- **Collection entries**

○ ○ ○

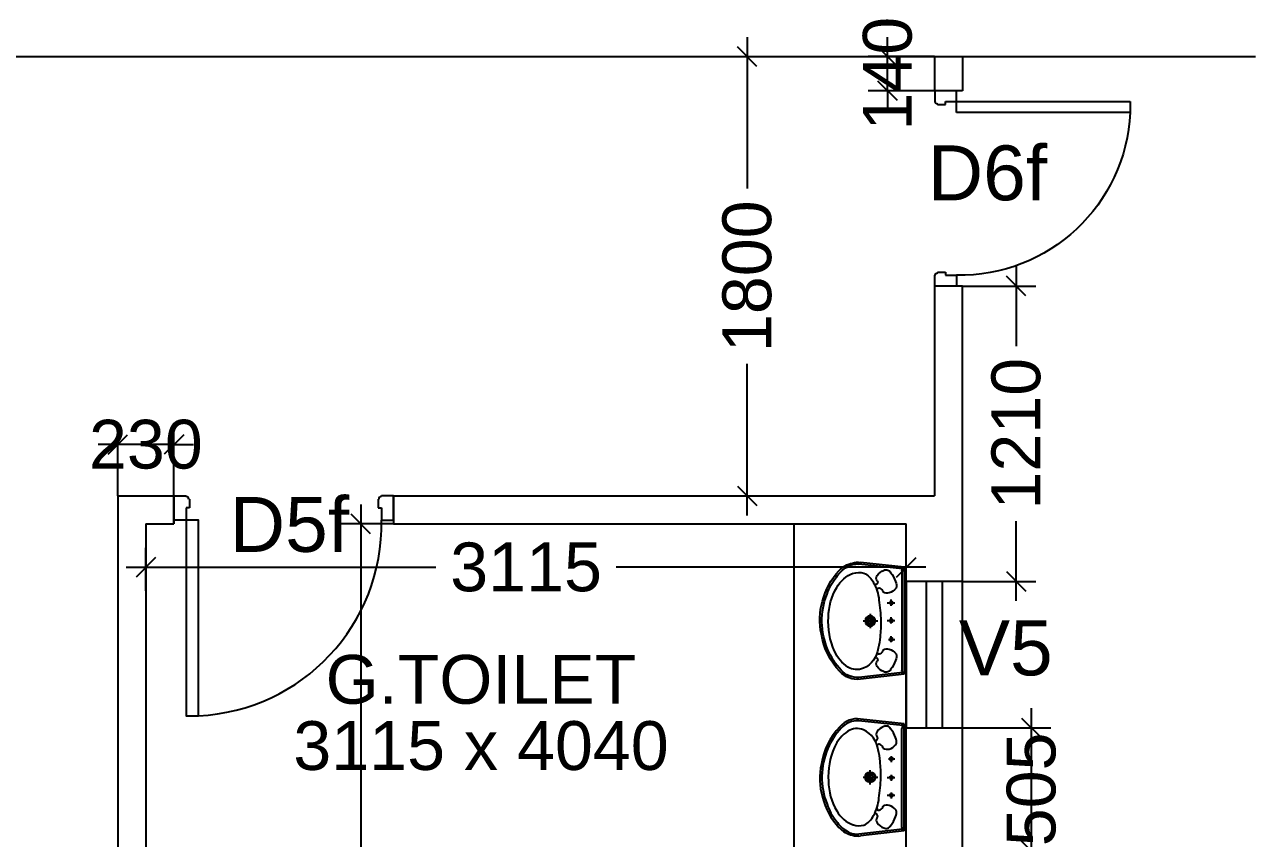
# Model space of a CAD drawing. Extents: x 6345096 to 6738923, y -6490958 to -6305885.
# Drawn here: x 6646148 to 6651189, y -6406673 to -6403339 of the extents above; entities that cross this region are included whole.
import ezdxf
from ezdxf.enums import TextEntityAlignment as Align

# ---------------------------------------------------------------- set-up
doc = ezdxf.new("R2010")
doc.units = 0
doc.header["$LTSCALE"] = 600
doc.header["$MEASUREMENT"] = 0
doc.header["$PDMODE"] = 35
doc.linetypes.add('HIDDEN', pattern=[0.375, 0.25, -0.125])
doc.layers.get('0').update_dxf_attribs({"linetype": 'CONTINUOUS'})
doc.layers.get('Defpoints').update_dxf_attribs({"linetype": 'CONTINUOUS'})
for name, color, linetype in [('8', 8, 'CONTINUOUS'), ('DOOR', 32, 'CONTINUOUS'), ('HS', 251, 'CONTINUOUS'), ('joinery', 7, 'CONTINUOUS'), ('Room Dim', 1, 'CONTINUOUS'), ('TEXT', 6, 'CONTINUOUS'), ('Toi-Euip', 8, 'CONTINUOUS'), ('toi-fix', 46, 'CONTINUOUS'), ('Walls', 7, 'CONTINUOUS'), ('WIN', 151, 'CONTINUOUS'), ('Working Dim', 5, 'CONTINUOUS')]:
    doc.layers.add(name, color=color, linetype=linetype)
doc.styles.add('ari', font='arial.ttf')
doc.styles.add('ARIAL', font='arial.ttf')
doc.dimstyles.new('int. dim', dxfattribs={"dimtxt": 200, "dimasz": 80, "dimexe": 80, "dimexo": 0, "dimgap": 70, "dimtad": 0, "dimdec": 0, "dimzin": 12, "dimdsep": 46, "dimtxsty": 'ari', "dimblk": 'OBLIQUE', "dimcen": 2, "dimdle": 80, "dimclrd": 256, "dimclre": 256, "dimclrt": 6, "dimadec": 0, "dimazin": 0, "dimtfac": 1, "dimtdec": 0, "dimtix": 1, "dimtmove": 2, "dimatfit": 3, "dimfxl": 1, "dimtolj": 1, "dimtzin": 0, "dimlwd": -1, "dimlwe": -1, "dimarcsym": 0})

# ---------------------------------------------------------------- blocks, each defined once
blk = doc.blocks.new('Z$W@#1841')
at = {"layer": 'DOOR'}
for p, q in [((-267.6, -167.4), (-317.3, -167.4)), ((-317.3, -167.4), (-317.3, -267.4)), ((-267.6, -217.9), (-267.6, -167.4)), ((533, -217.9), (533, -167.4)), ((533, -167.4), (582.7, -167.4)), ((582.7, -167.4), (582.7, -267.4)), ((-254.1, -217.9), (-267.6, -217.9)), ((-254.1, -253.9), (-254.1, -217.9)), ((519.5, -253.9), (519.5, -217.9)), ((519.5, -217.9), (533, -217.9)), ((-317.3, -267.4), (-267.6, -267.4)), ((-267.6, -267.4), (-267.6, -265.2)), ((-254.1, -253.9), (-256.3, -253.9)), ((519.5, -253.9), (521.7, -253.9)), ((533, -267.4), (533, -265.2)), ((582.7, -267.4), (533, -267.4))]:
    blk.add_line(p, q, dxfattribs=at)
blk.add_lwpolyline([(482.5, 633.2), (482.5, -167.4), (533, -167.4), (533, 633.2)], close=True, dxfattribs=at)
at = {"layer": 'DOOR', "color": 145}
blk.add_arc((518.4, -152.1), 786.1, 92.6177, 181.1129, dxfattribs=at)
at = {"layer": 'DOOR'}
for centre, start, end in [((-267.6, -253.9), 270, 0), ((533, -253.9), 180, 270)]:
    blk.add_arc(centre, 11.2, start, end, dxfattribs=at)
blk = doc.blocks.new('1000')
at = {"layer": 'DOOR'}
for p, q in [((0, -100), (0, 0)), ((0, 0), (49.7, 0)), ((49.7, 0), (49.7, -2.2)), ((63.2, -49.5), (49.7, -49.5)), ((49.7, -49.5), (49.7, -100)), ((63.2, -13.5), (61, -13.5)), ((63.2, -13.5), (63.2, -49.5)), ((836.8, -13.5), (836.8, -49.5)), ((836.8, -13.5), (839, -13.5)), ((836.8, -49.5), (850.3, -49.5)), ((850.3, 0), (850.3, -2.2)), ((900, 0), (850.3, 0)), ((850.3, -49.5), (850.3, -100)), ((900, -100), (900, 0)), ((49.7, -100), (0, -100)), ((49.7, -100), (49.7, -900.6)), ((100.2, -100), (49.7, -100)), ((100.2, -900.6), (100.2, -100)), ((850.3, -100), (900, -100)), ((49.7, -900.6), (100.2, -900.6))]:
    blk.add_line(p, q, dxfattribs=at)
for centre, major_axis, start_param, end_param in [((49.7, -13.5), (-7.95, 7.95), 3.926991, 5.497787), ((850.3, -13.5), (7.95, 7.95), 0.785398, 2.356194)]:
    blk.add_ellipse(centre, major_axis=major_axis, ratio=1, start_param=start_param, end_param=end_param, dxfattribs=at)
at = {"layer": 'DOOR', "color": 145}
blk.add_ellipse((64.3, -115.3), major_axis=(-519.7, 589.8), ratio=1, start_param=2.464943, end_param=4.009476, dxfattribs=at)
blk = doc.blocks.new('A$C4D064DB7')
at = {"layer": 'Toi-Euip', "color": 8}
for p, q in [((-219.3, -1), (-239.3, 178)), ((-212.3, 5.4), (-232.3, 184.5)), ((0.9, 167), (0.9, 107.5)), ((212.2, 4.9), (232.3, 184.5)), ((219.2, -1), (239.3, 178)), ((-28.5, 137.9), (30, 137.9)), ((-61.3, 51.7), (-86.8, 51.7)), ((-73.1, 68.7), (-73.1, 37.2)), ((11.1, 51.7), (-14.3, 51.7)), ((-0.6, 68.7), (-0.6, 37.2)), ((87.9, 51.7), (62.5, 51.7)), ((76.2, 63.6), (76.2, 37.2)), ((-204.6, 8.3), (200.4, 8.3)), ((-219.3, -1), (219.2, -1))]:
    blk.add_line(p, q, dxfattribs=at)
for centre, radius in [((0.9, 137.9), 20.9), ((0.9, 137.9), 15), ((0.9, 137.9), 10.5), ((-73.1, 51.7), 6.23), ((-0.6, 51.7), 6.23), ((76.2, 51.7), 6.23)]:
    blk.add_circle(centre, radius, dxfattribs=at)
for centre, radius, start, end in [((-15, 63.3), 278.1, 103.6801, 133.1199), ((-52.1, 129.5), 194.1, 106.9894, 130.6854), ((-12.7, 69.4), 239.9, 90.5187, 121.0564), ((0.4, 42.8), 293.4, 66.1951, 111.8497), ((-3.7, 79.1), 265.8, 77.1391, 106.8516), ((4.5, 21.6), 288.4, 65.4107, 93.8454), ((11, 56.9), 284.8, 46.3845, 81.023), ((17.4, 64.4), 266.9, 46.2173, 67.6674), ((-135.9, 190.3), 102.7, 132.34, 168.5521), ((-115.7, 175.3), 119.3, 121.8415, 151.2146), ((-79.5, 166.9), 122.1, 117.7975, 160.6946), ((74.5, 158), 135.4, 31.8603, 68.3132), ((140.9, 188.9), 91.5, 357.2238, 48.0895), ((143.8, 190.8), 96.4, 352.3942, 48.6169), ((-159.3, 187.8), 80.7, 163.2392, 186.9959), ((-156.9, 191.3), 75.7, 146.7911, 185.1402), ((-105.8, 184.4), 91.8, 165.5854, 192.6546), ((131.4, 192.6), 68.8, 336.7779, 32.4081), ((-124.3, 195.5), 77.6, 203.693, 246.3813), ((98.1, 210.4), 106.4, 278.0202, 335.0221), ((-154.2, 64.6), 55.1, 124.9669, 161.6496), ((-174.7, 96.4), 17.3, 50.4642, 129.5358), ((-157.9, 115.7), 8.33, 226.0403, 306.1074), ((-73.6, 263.8), 161.7, 239.5902, 265.9719), ((-156.5, 116.7), 8.45, 294.5104, 30.3287), ((-126.4, 102.5), 8.28, 83.1526, 217.3039), ((33.5, 869.5), 776.1, 261.2228, 267.52), ((44.3, 384), 287.3, 274.2321, 283.8267), ((129.6, 102.2), 7.16, 318.2984, 78.6803), ((157.9, 115.9), 7.49, 165.1523, 247.9307), ((159.9, 115.7), 8.33, 233.8926, 313.9597), ((176.7, 96.4), 17.3, 50.4642, 129.5358), ((156.2, 64.6), 55.1, 18.3504, 55.0331), ((-188.7, 72.6), 20.1, 152.4908, 243.191), ((-120.2, 149.2), 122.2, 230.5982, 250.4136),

○ ○ ○

- **Assignment**
Every line of the records containing the word "blocks" must appear in the answer.

- **Solved problem**
# ---------------------------------------------------------------- blocks, each defined once
blk = doc.blocks.new('Z$W@#1841')
blk = doc.blocks.new('1000')
blk = doc.blocks.new('A$C4D064DB7')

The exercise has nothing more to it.